(Records drawn from a dataset)
◇ ◇ ◇

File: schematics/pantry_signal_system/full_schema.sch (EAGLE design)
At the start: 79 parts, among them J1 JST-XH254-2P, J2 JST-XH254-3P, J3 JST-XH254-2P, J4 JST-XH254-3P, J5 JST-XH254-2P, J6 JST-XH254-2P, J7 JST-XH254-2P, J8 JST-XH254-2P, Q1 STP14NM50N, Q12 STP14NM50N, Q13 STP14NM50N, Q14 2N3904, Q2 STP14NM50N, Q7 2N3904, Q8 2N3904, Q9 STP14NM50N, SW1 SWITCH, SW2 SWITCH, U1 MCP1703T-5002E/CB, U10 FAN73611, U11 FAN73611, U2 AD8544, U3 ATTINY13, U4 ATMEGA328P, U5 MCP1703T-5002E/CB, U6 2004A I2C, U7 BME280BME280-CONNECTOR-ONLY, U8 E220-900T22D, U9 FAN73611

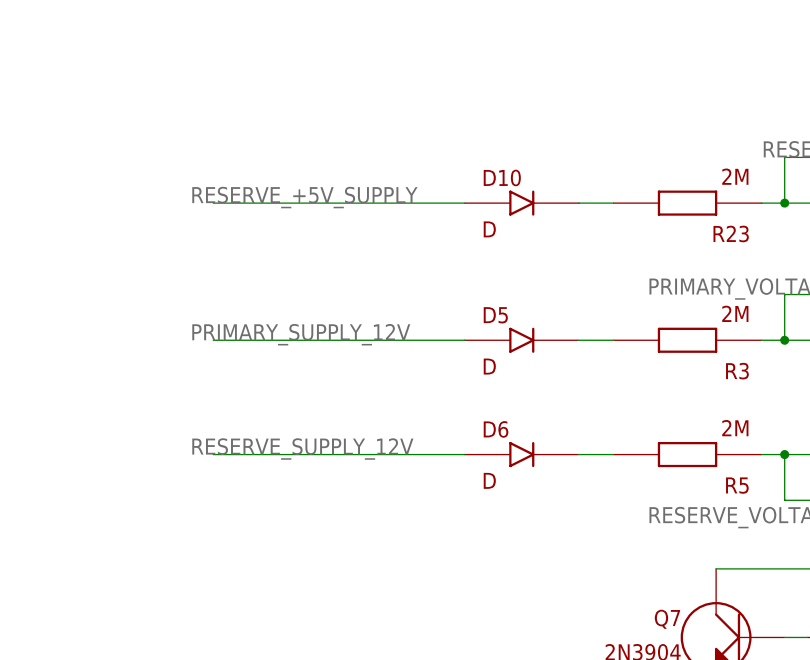
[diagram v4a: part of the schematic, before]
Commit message: Start working under supply schema
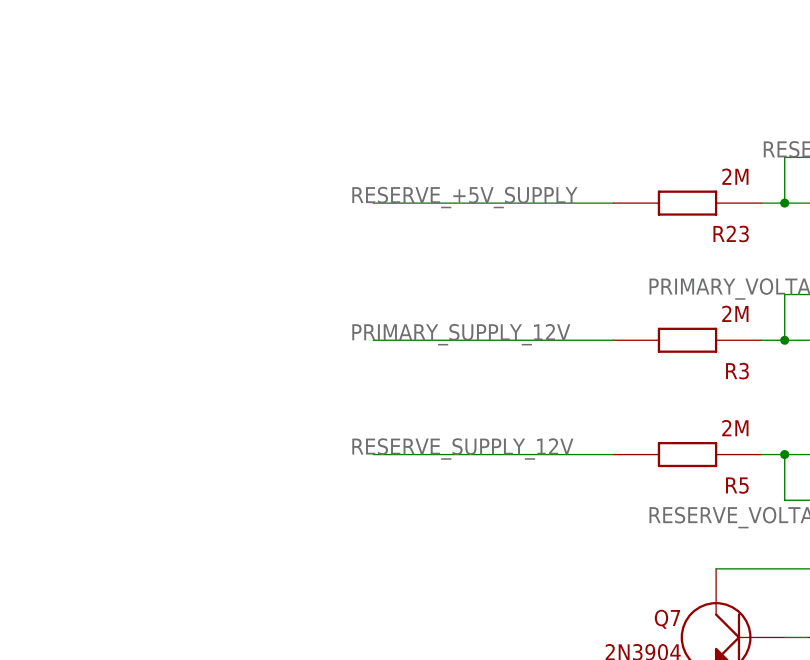
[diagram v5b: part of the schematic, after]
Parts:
- removed D10, D5, D6: D, my_devices:D
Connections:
- removed net N$2: D5.P$2, R3.P$2
- removed net N$29: D10.P$2, R23.P$2
- removed net N$5: D6.P$2, R5.P$2
- net PRIMARY_SUPPLY_12V: now also R3.P$2; no longer D5.P$1
- net RESERVE_+5V_SUPPLY: now also R23.P$2; no longer D10.P$1
- net RESERVE_SUPPLY_12V: now also R5.P$2; no longer D6.P$1
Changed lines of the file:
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@@
 <part name="R6" library="my_devices" deviceset="R" device="" value="1M"/>
 <part name="GND16" library="supply1" library_urn="urn:adsk.eagle:library:371" deviceset="GND" device=""/>
-<part name="D5" library="my_devices" deviceset="D" device=""/>
-<part name="D6" library="my_devices" deviceset="D" device=""/>
 <part name="Q7" library="my_devices" deviceset="TRANSISTOR_NPN" device="" value="2N3904"/>
 <part name="J4" library="my_devices" deviceset="JST-XH254-3P" device=""/>
@@
 <part name="R23" library="my_devices" deviceset="R" device="" value="2M"/>
 <part name="R24" library="my_devices" deviceset="R" device="" value="1M"/>
-<part name="D10" library="my_devices" deviceset="D" device=""/>
 <part name="U9" library="my_devices" deviceset="FAN73611" device=""/>
 <part name="GND7" library="supply1" library_urn="urn:adsk.eagle:library:371" deviceset="GND" device=""/>
@@
 <attribute name="VALUE" x="360.68" y="71.12" size="1.778" layer="96"/>
 </instance>
-<instance part="D5" gate="G$1" x="307.34" y="76.2" smashed="yes" grouprefs="SUPPLY_AVR">
-<attribute name="NAME" x="301.625" y="78.105" size="1.778" layer="94"/>
-<attribute name="VALUE" x="301.625" y="72.39" size="1.778" layer="94"/>
-</instance>
-<instance part="D6" gate="G$1" x="307.34" y="63.5" smashed="yes" grouprefs="SUPPLY_AVR">
-<attribute name="NAME" x="301.625" y="65.405" size="1.778" layer="94"/>
-<attribute name="VALUE" x="301.625" y="59.69" size="1.778" layer="94"/>
-</instance>
 <instance part="Q7" gate="G$1" x="327.66" y="43.18" smashed="yes" rot="MR0" grouprefs="SUPPLY_AVR">
 <attribute name="NAME" x="323.85" y="44.45" size="1.778" layer="94" rot="MR0"/>
@@
 <attribute name="NAME" x="354.33" y="88.9" size="1.778" layer="94" rot="R180"/>
 <attribute name="VALUE" x="354.33" y="95.25" size="1.778" layer="94" rot="R180"/>
-</instance>
-<instance part="D10" gate="G$1" x="307.34" y="91.44" smashed="yes" grouprefs="SUPPLY_AVR">
-<attribute name="NAME" x="301.625" y="93.345" size="1.778" layer="94"/>
-<attribute name="VALUE" x="301.625" y="87.63" size="1.778" layer="94"/>
 </instance>
 <instance part="U9" gate="G$1" x="-12.7" y="-91.44" smashed="yes" grouprefs="DISCHARGE_CONTROL_AND_POWER_SWITCH">
@@
 </segment>
 <segment>
-<pinref part="D6" gate="G$1" pin="P$1"/>
-<wire x1="299.72" y1="63.5" x2="271.78" y2="63.5" width="0.1524" layer="91" grouprefs="SUPPLY_AVR"/>
-<label x="269.24" y="63.5" size="1.778" layer="95" grouprefs="SUPPLY_AVR"/>
+<wire x1="316.23" y1="63.5" x2="289.56" y2="63.5" width="0.1524" layer="91" grouprefs="SUPPLY_AVR"/>
+<label x="287.02" y="63.5" size="1.778" layer="95" grouprefs="SUPPLY_AVR"/>
+<pinref part="R5" gate="G$1" pin="P$2"/>
 </segment>
 <segment>
@@
 </segment>
 <segment>
-<pinref part="D5" gate="G$1" pin="P$1"/>
-<wire x1="299.72" y1="76.2" x2="271.78" y2="76.2" width="0.1524" layer="91" grouprefs="SUPPLY_AVR"/>
-<label x="269.24" y="76.2" size="1.778" layer="95" grouprefs="SUPPLY_AVR"/>
+<wire x1="316.23" y1="76.2" x2="289.56" y2="76.2" width="0.1524" layer="91" grouprefs="SUPPLY_AVR"/>
+<label x="287.02" y="76.2" size="1.778" layer="95" grouprefs="SUPPLY_AVR"/>
+<pinref part="R3" gate="G$1" pin="P$2"/>
 </segment>
 <segment>
@@
 <wire x1="287.655" y1="33.02" x2="264.16" y2="33.02" width="0.1524" layer="91" grouprefs="SUPPLY_AVR"/>
 <label x="256.54" y="33.02" size="1.778" layer="95" grouprefs="SUPPLY_AVR"/>
-</segment>
-</net>
-<net name="N$2" class="0">
-<segment>
-<pinref part="D5" gate="G$1" pin="P$2"/>
-<pinref part="R3" gate="G$1" pin="P$2"/>
-<wire x1="312.42" y1="76.2" x2="316.23" y2="76.2" width="0.1524" layer="91" grouprefs="SUPPLY_AVR"/>
-</segment>
-</net>
-<net name="N$5" class="0">
-<segment>
-<pinref part="D6" gate="G$1" pin="P$2"/>
-<pinref part="R5" gate="G$1" pin="P$2"/>
-<wire x1="312.42" y1="63.5" x2="316.23" y2="63.5" width="0.1524" layer="91" grouprefs="SUPPLY_AVR"/>
 </segment>
 </net>
@@
 </segment>
 <segment>
-<pinref part="D10" gate="G$1" pin="P$1"/>
-<wire x1="299.72" y1="91.44" x2="271.78" y2="91.44" width="0.1524" layer="91" grouprefs="SUPPLY_AVR"/>
-<label x="269.24" y="91.44" size="1.778" layer="95" grouprefs="SUPPLY_AVR"/>
+<wire x1="316.23" y1="91.44" x2="289.56" y2="91.44" width="0.1524" layer="91" grouprefs="SUPPLY_AVR"/>
+<label x="287.02" y="91.44" size="1.778" layer="95" grouprefs="SUPPLY_AVR"/>
+<pinref part="R23" gate="G$1" pin="P$2"/>
 </segment>
 </net>
@@
 </segment>
 </net>
-<net name="N$29" class="0">
-<segment>
-<pinref part="D10" gate="G$1" pin="P$2"/>
-<pinref part="R23" gate="G$1" pin="P$2"/>
-<wire x1="312.42" y1="91.44" x2="316.23" y2="91.44" width="0.1524" layer="91" grouprefs="SUPPLY_AVR"/>
-</segment>
-</net>

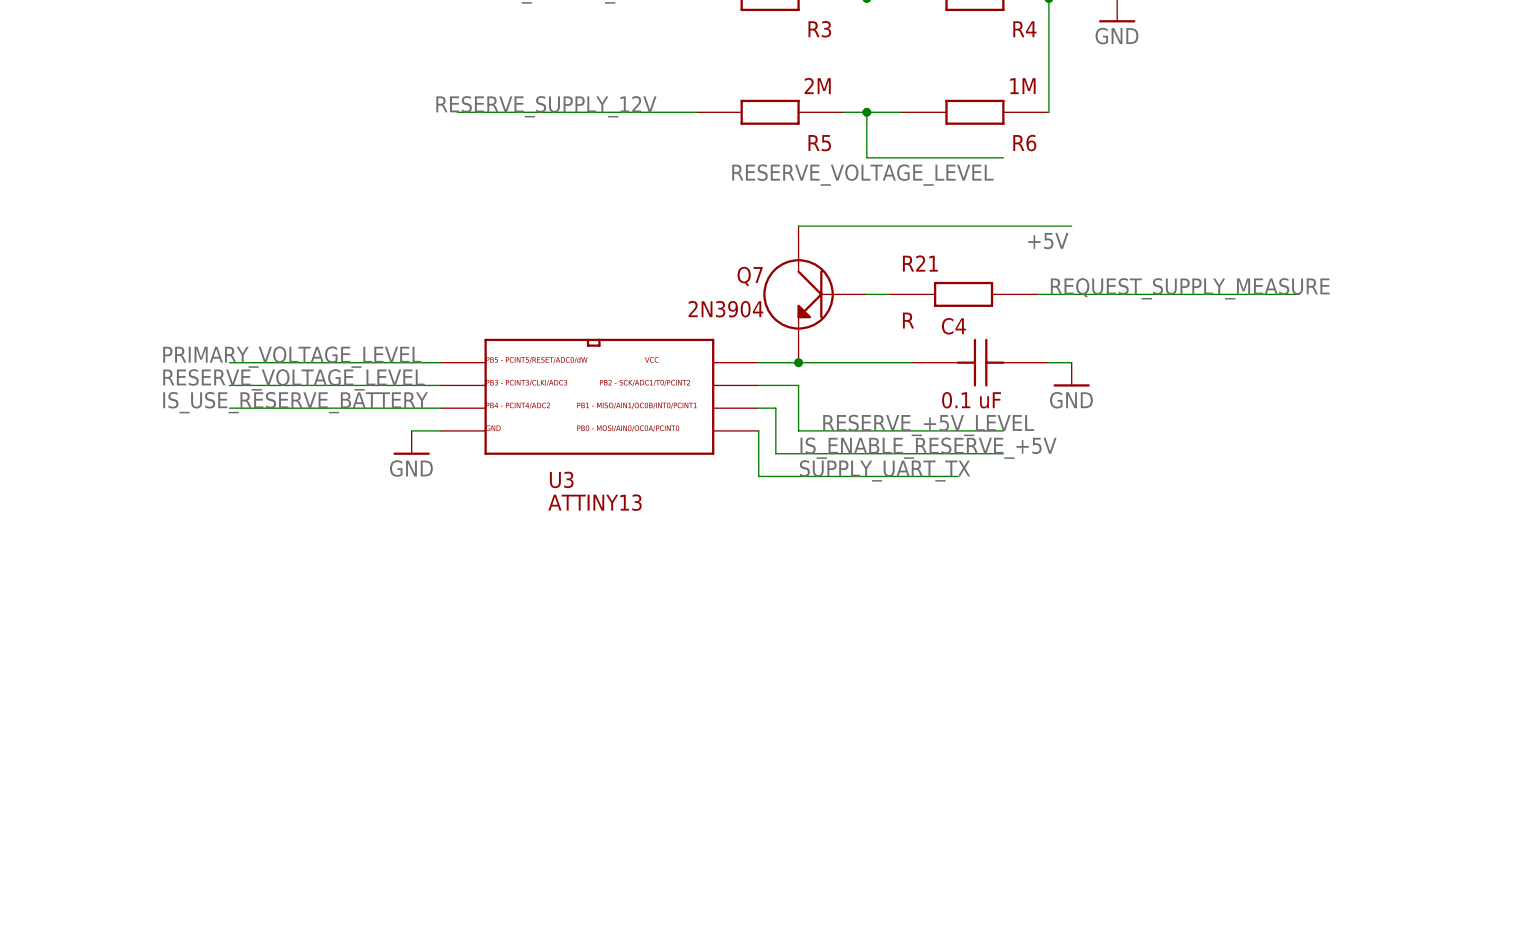
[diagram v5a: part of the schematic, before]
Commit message: Added programmer connector for ATTiny
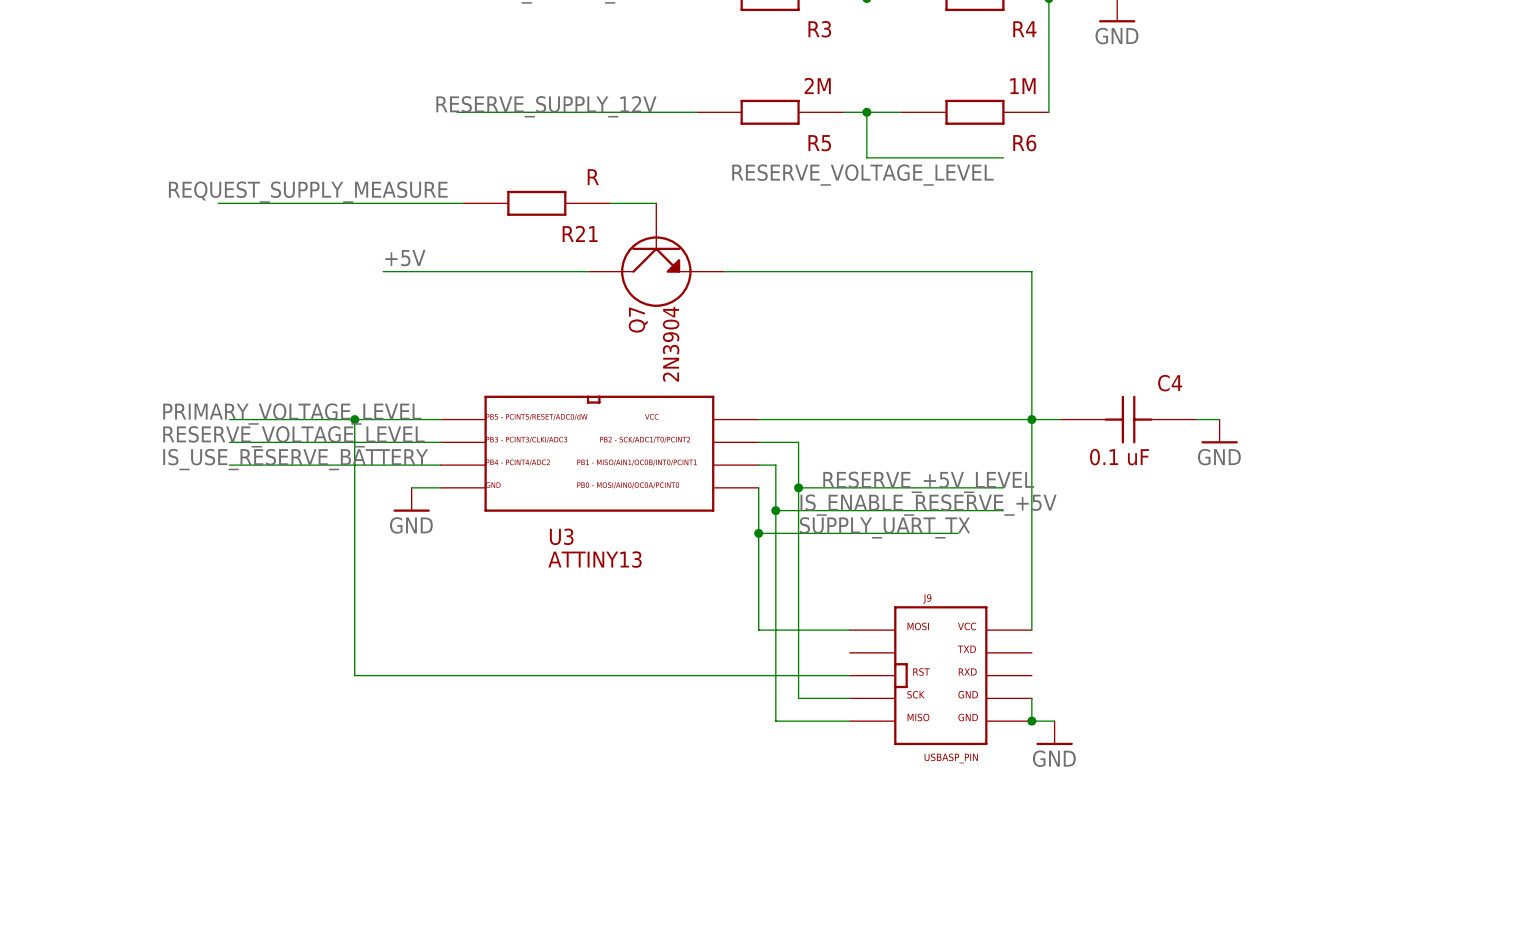
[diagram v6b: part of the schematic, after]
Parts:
- added J9: USBASP_PIN, my_devices:USBASP_PIN
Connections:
- removed net N$9: C4.P$1, Q7.E, U3.VCC
- new net N$2: C4.P$1, J9.VCC, Q7.E, U3.VCC
- net GND: now also J9.GND, J9.GND1
- net IS_ENABLE_RESERVE_+5V: now also J9.MISO
- net PRIMARY_VOLTAGE_LEVEL: now also J9.RESET
- net RESERVE_+5V_LEVEL: now also J9.SCK
- net SUPPLY_UART_TX: now also J9.MOSI
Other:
- moved on the sheet: C4, Q7, R21, U3

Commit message: Working under supplu control
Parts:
- added D5: D, my_devices:D
- added R10, R11: 2M, my_devices:R
- C5: value C-1 -> 0.1 uF
- D1, D2, D7: value D -> BAT41
- D3, D4, D8, D9: value D -> BAT760
- R22: value 620 -> 1K
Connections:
- new net N$9: D5.P$2, U2.D+
- net IS_PRIMARY_BATTERY_OK: now also R10.P$2
- net IS_RESERVE_BATTERY_OK: now also D5.P$1, R11.P$1; no longer U2.D+
- net N$3: now also R10.P$1
- net N$8: now also R11.P$2

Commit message: Continue working under supply control schematics. Changed N-channel mosfets to P-channel mosfets. Small changes in logic control module
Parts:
- removed Q2: STP14NM50N, my_devices:MOSFET_N
- added U12: NC7WZ04, my_devices:INVERTER._X2
- D1, D2, D7: value BAT41 -> MBR130LSFT1G
- D3, D4, D8, D9: value BAT760 -> MBR130LSFT1G
- Q1: value STP14NM50N -> FDS4935A; device my_devices:MOSFET_N -> my_devices:MOSFET_P_X2
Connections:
- new net N$18: U12.Y1, U9.IN
- new net N$19: U10.IN, U12.Y2
- net +12V: now also J3.PIN1; no longer Q9.D
- net GND: now also Q9.S, U12.GND; no longer J3.PIN2
- net IS_PRIMARY_BATTERY_OK: now also U12.A1; no longer U9.IN
- net IS_USE_RESERVE_BATTERY: now also U12.A2; no longer U10.IN
- net N$12: now also Q1.D21, Q1.D22; no longer Q1.S
- net N$13: now also Q1.D11, Q1.D12; no longer Q2.S
- net N$4: now also J3.PIN2, Q9.D; no longer J3.PIN1, Q9.S
- net PRIMARY_SUPPLY_12V: now also Q1.S2; no longer Q1.D, U10.VB, U10.VDD
- net RESERVE_SUPPLY_12V: now also Q1.S1, U10.VB, U10.VDD; no longer Q2.D
- net SUPPLY_CONTROL_+5V: now also U12.VCC
- net USE_PRIMARY_BATTERY: now also Q1.G2; no longer Q1.G
- net USE_RESERVE_BATTERY: now also Q1.G1; no longer Q2.G
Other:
- moved on the sheet: C2, C3, D3, D4, D5, D8, D9, FAN1, J3, J5, Q14, Q9

◇ ◇ ◇

**Aim of the task:** Give the number of lines in the data that contain the word "pinref", and add no other text.

**Response area:** 12